══ Raw data ══

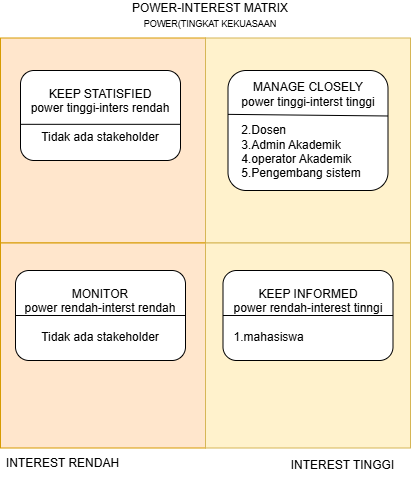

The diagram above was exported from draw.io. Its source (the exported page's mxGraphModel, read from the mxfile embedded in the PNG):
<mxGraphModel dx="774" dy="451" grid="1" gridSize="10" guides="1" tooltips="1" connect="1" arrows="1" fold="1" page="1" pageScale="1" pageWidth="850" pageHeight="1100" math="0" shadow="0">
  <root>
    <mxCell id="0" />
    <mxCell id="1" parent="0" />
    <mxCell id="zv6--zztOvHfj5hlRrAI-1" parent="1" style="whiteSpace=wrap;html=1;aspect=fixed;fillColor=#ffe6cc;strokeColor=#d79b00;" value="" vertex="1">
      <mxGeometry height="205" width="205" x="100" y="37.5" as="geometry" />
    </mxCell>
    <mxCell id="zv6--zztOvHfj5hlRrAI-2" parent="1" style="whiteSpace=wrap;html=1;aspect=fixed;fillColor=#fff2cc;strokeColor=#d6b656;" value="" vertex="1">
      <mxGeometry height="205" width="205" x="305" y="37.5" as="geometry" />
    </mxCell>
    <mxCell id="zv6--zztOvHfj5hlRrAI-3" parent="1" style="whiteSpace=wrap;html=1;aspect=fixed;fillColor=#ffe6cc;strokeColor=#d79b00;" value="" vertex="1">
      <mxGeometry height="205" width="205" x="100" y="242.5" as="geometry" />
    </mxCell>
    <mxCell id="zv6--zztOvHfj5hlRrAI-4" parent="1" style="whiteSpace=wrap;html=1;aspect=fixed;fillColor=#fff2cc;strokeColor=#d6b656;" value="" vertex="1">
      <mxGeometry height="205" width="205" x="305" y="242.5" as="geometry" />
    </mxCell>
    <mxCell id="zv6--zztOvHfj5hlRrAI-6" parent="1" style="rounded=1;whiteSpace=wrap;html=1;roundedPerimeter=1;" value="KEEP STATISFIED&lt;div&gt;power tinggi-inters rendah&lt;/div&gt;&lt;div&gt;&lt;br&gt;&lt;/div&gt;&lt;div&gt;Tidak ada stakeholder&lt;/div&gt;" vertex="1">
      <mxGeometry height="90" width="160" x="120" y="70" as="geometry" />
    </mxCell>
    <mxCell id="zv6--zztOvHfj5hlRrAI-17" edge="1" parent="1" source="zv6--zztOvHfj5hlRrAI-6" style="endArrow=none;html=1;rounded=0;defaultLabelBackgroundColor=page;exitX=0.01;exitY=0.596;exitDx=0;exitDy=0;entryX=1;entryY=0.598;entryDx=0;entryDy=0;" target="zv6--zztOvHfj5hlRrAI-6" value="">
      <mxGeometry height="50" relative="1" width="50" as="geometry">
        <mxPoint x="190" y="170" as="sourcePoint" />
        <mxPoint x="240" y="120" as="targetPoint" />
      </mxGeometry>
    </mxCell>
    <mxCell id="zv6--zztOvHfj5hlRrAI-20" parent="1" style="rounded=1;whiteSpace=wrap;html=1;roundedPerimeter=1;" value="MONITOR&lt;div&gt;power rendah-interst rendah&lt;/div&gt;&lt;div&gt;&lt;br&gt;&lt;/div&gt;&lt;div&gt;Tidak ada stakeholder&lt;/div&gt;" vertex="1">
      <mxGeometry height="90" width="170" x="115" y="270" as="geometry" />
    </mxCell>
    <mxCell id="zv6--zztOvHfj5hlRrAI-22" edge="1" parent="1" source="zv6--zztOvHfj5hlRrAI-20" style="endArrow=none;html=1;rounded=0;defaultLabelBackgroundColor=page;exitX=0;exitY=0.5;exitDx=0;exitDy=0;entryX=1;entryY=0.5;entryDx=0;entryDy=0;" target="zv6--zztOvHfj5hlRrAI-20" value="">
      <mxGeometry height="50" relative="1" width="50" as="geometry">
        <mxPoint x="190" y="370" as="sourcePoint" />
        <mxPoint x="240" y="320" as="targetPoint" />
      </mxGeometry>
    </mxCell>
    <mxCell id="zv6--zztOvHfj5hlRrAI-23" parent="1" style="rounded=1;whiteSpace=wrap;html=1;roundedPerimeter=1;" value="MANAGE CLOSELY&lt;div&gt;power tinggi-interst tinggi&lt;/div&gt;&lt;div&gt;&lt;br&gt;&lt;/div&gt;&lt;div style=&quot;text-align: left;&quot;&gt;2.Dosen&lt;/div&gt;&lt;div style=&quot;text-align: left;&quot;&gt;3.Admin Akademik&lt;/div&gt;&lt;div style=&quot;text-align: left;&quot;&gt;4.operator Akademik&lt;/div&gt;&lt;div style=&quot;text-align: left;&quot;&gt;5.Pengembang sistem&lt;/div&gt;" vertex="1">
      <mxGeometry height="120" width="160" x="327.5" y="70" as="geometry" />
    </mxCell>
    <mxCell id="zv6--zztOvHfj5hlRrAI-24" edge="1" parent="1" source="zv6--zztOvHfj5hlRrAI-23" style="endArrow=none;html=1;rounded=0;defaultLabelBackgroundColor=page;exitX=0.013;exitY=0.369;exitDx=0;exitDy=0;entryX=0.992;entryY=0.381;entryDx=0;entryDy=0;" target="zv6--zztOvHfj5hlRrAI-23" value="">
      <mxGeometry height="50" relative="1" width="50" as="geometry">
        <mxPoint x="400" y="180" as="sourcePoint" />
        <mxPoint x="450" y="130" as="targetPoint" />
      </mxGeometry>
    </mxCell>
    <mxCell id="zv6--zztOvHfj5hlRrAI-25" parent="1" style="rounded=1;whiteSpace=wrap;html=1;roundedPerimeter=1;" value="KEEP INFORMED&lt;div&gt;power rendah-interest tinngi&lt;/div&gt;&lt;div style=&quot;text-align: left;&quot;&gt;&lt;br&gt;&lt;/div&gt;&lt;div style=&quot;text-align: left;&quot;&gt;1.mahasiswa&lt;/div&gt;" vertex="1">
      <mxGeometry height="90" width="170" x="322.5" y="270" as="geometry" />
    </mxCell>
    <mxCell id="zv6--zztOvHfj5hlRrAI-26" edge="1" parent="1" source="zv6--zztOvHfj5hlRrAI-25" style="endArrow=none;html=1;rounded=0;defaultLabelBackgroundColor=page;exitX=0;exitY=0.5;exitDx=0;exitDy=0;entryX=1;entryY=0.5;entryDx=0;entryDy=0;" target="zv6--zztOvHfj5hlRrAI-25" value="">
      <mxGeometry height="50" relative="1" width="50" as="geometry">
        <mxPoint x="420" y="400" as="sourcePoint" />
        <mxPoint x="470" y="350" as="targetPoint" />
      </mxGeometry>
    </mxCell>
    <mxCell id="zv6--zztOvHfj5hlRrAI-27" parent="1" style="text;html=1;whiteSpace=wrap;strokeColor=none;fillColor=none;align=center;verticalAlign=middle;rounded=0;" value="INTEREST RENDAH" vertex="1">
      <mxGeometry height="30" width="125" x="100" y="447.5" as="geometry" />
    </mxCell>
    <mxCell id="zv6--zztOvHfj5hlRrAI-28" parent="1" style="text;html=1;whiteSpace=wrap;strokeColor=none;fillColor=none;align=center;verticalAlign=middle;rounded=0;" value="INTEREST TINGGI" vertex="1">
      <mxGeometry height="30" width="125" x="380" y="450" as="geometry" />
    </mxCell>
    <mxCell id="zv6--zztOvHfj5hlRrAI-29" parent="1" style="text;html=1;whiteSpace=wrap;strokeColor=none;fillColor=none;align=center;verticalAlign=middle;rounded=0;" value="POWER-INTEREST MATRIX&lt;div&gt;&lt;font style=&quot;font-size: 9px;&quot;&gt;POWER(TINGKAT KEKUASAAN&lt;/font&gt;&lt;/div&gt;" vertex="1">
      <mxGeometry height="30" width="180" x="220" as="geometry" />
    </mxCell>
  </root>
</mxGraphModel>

═══

Task »
In your copy, the listing above should appear word for word, with no images.

Task answer »
The diagram above was exported from draw.io. Its source (the exported page's mxGraphModel, read from the mxfile embedded in the PNG):
<mxGraphModel dx="774" dy="451" grid="1" gridSize="10" guides="1" tooltips="1" connect="1" arrows="1" fold="1" page="1" pageScale="1" pageWidth="850" pageHeight="1100" math="0" shadow="0">
  <root>
    <mxCell id="0" />
    <mxCell id="1" parent="0" />
    <mxCell id="zv6--zztOvHfj5hlRrAI-1" parent="1" style="whiteSpace=wrap;html=1;aspect=fixed;fillColor=#ffe6cc;strokeColor=#d79b00;" value="" vertex="1">
      <mxGeometry height="205" width="205" x="100" y="37.5" as="geometry" />
    </mxCell>
    <mxCell id="zv6--zztOvHfj5hlRrAI-2" parent="1" style="whiteSpace=wrap;html=1;aspect=fixed;fillColor=#fff2cc;strokeColor=#d6b656;" value="" vertex="1">
      <mxGeometry height="205" width="205" x="305" y="37.5" as="geometry" />
    </mxCell>
    <mxCell id="zv6--zztOvHfj5hlRrAI-3" parent="1" style="whiteSpace=wrap;html=1;aspect=fixed;fillColor=#ffe6cc;strokeColor=#d79b00;" value="" vertex="1">
      <mxGeometry height="205" width="205" x="100" y="242.5" as="geometry" />
    </mxCell>
    <mxCell id="zv6--zztOvHfj5hlRrAI-4" parent="1" style="whiteSpace=wrap;html=1;aspect=fixed;fillColor=#fff2cc;strokeColor=#d6b656;" value="" vertex="1">
      <mxGeometry height="205" width="205" x="305" y="242.5" as="geometry" />
    </mxCell>
    <mxCell id="zv6--zztOvHfj5hlRrAI-6" parent="1" style="rounded=1;whiteSpace=wrap;html=1;roundedPerimeter=1;" value="KEEP STATISFIED&lt;div&gt;power tinggi-inters rendah&lt;/div&gt;&lt;div&gt;&lt;br&gt;&lt;/div&gt;&lt;div&gt;Tidak ada stakeholder&lt;/div&gt;" vertex="1">
      <mxGeometry height="90" width="160" x="120" y="70" as="geometry" />
    </mxCell>
    <mxCell id="zv6--zztOvHfj5hlRrAI-17" edge="1" parent="1" source="zv6--zztOvHfj5hlRrAI-6" style="endArrow=none;html=1;rounded=0;defaultLabelBackgroundColor=page;exitX=0.01;exitY=0.596;exitDx=0;exitDy=0;entryX=1;entryY=0.598;entryDx=0;entryDy=0;" target="zv6--zztOvHfj5hlRrAI-6" value="">
      <mxGeometry height="50" relative="1" width="50" as="geometry">
        <mxPoint x="190" y="170" as="sourcePoint" />
        <mxPoint x="240" y="120" as="targetPoint" />
      </mxGeometry>
    </mxCell>
    <mxCell id="zv6--zztOvHfj5hlRrAI-20" parent="1" style="rounded=1;whiteSpace=wrap;html=1;roundedPerimeter=1;" value="MONITOR&lt;div&gt;power rendah-interst rendah&lt;/div&gt;&lt;div&gt;&lt;br&gt;&lt;/div&gt;&lt;div&gt;Tidak ada stakeholder&lt;/div&gt;" vertex="1">
      <mxGeometry height="90" width="170" x="115" y="270" as="geometry" />
    </mxCell>
    <mxCell id="zv6--zztOvHfj5hlRrAI-22" edge="1" parent="1" source="zv6--zztOvHfj5hlRrAI-20" style="endArrow=none;html=1;rounded=0;defaultLabelBackgroundColor=page;exitX=0;exitY=0.5;exitDx=0;exitDy=0;entryX=1;entryY=0.5;entryDx=0;entryDy=0;" target="zv6--zztOvHfj5hlRrAI-20" value="">
      <mxGeometry height="50" relative="1" width="50" as="geometry">
        <mxPoint x="190" y="370" as="sourcePoint" />
        <mxPoint x="240" y="320" as="targetPoint" />
      </mxGeometry>
    </mxCell>
    <mxCell id="zv6--zztOvHfj5hlRrAI-23" parent="1" style="rounded=1;whiteSpace=wrap;html=1;roundedPerimeter=1;" value="MANAGE CLOSELY&lt;div&gt;power tinggi-interst tinggi&lt;/div&gt;&lt;div&gt;&lt;br&gt;&lt;/div&gt;&lt;div style=&quot;text-align: left;&quot;&gt;2.Dosen&lt;/div&gt;&lt;div style=&quot;text-align: left;&quot;&gt;3.Admin Akademik&lt;/div&gt;&lt;div style=&quot;text-align: left;&quot;&gt;4.operator Akademik&lt;/div&gt;&lt;div style=&quot;text-align: left;&quot;&gt;5.Pengembang sistem&lt;/div&gt;" vertex="1">
      <mxGeometry height="120" width="160" x="327.5" y="70" as="geometry" />
    </mxCell>
    <mxCell id="zv6--zztOvHfj5hlRrAI-24" edge="1" parent="1" source="zv6--zztOvHfj5hlRrAI-23" style="endArrow=none;html=1;rounded=0;defaultLabelBackgroundColor=page;exitX=0.013;exitY=0.369;exitDx=0;exitDy=0;entryX=0.992;entryY=0.381;entryDx=0;entryDy=0;" target="zv6--zztOvHfj5hlRrAI-23" value="">
      <mxGeometry height="50" relative="1" width="50" as="geometry">
        <mxPoint x="400" y="180" as="sourcePoint" />
        <mxPoint x="450" y="130" as="targetPoint" />
      </mxGeometry>
    </mxCell>
    <mxCell id="zv6--zztOvHfj5hlRrAI-25" parent="1" style="rounded=1;whiteSpace=wrap;html=1;roundedPerimeter=1;" value="KEEP INFORMED&lt;div&gt;power rendah-interest tinngi&lt;/div&gt;&lt;div style=&quot;text-align: left;&quot;&gt;&lt;br&gt;&lt;/div&gt;&lt;div style=&quot;text-align: left;&quot;&gt;1.mahasiswa&lt;/div&gt;" vertex="1">
      <mxGeometry height="90" width="170" x="322.5" y="270" as="geometry" />
    </mxCell>
    <mxCell id="zv6--zztOvHfj5hlRrAI-26" edge="1" parent="1" source="zv6--zztOvHfj5hlRrAI-25" style="endArrow=none;html=1;rounded=0;defaultLabelBackgroundColor=page;exitX=0;exitY=0.5;exitDx=0;exitDy=0;entryX=1;entryY=0.5;entryDx=0;entryDy=0;" target="zv6--zztOvHfj5hlRrAI-25" value="">
      <mxGeometry height="50" relative="1" width="50" as="geometry">
        <mxPoint x="420" y="400" as="sourcePoint" />
        <mxPoint x="470" y="350" as="targetPoint" />
      </mxGeometry>
    </mxCell>
    <mxCell id="zv6--zztOvHfj5hlRrAI-27" parent="1" style="text;html=1;whiteSpace=wrap;strokeColor=none;fillColor=none;align=center;verticalAlign=middle;rounded=0;" value="INTEREST RENDAH" vertex="1">
      <mxGeometry height="30" width="125" x="100" y="447.5" as="geometry" />
    </mxCell>
    <mxCell id="zv6--zztOvHfj5hlRrAI-28" parent="1" style="text;html=1;whiteSpace=wrap;strokeColor=none;fillColor=none;align=center;verticalAlign=middle;rounded=0;" value="INTEREST TINGGI" vertex="1">
      <mxGeometry height="30" width="125" x="380" y="450" as="geometry" />
    </mxCell>
    <mxCell id="zv6--zztOvHfj5hlRrAI-29" parent="1" style="text;html=1;whiteSpace=wrap;strokeColor=none;fillColor=none;align=center;verticalAlign=middle;rounded=0;" value="POWER-INTEREST MATRIX&lt;div&gt;&lt;font style=&quot;font-size: 9px;&quot;&gt;POWER(TINGKAT KEKUASAAN&lt;/font&gt;&lt;/div&gt;" vertex="1">
      <mxGeometry height="30" width="180" x="220" as="geometry" />
    </mxCell>
  </root>
</mxGraphModel>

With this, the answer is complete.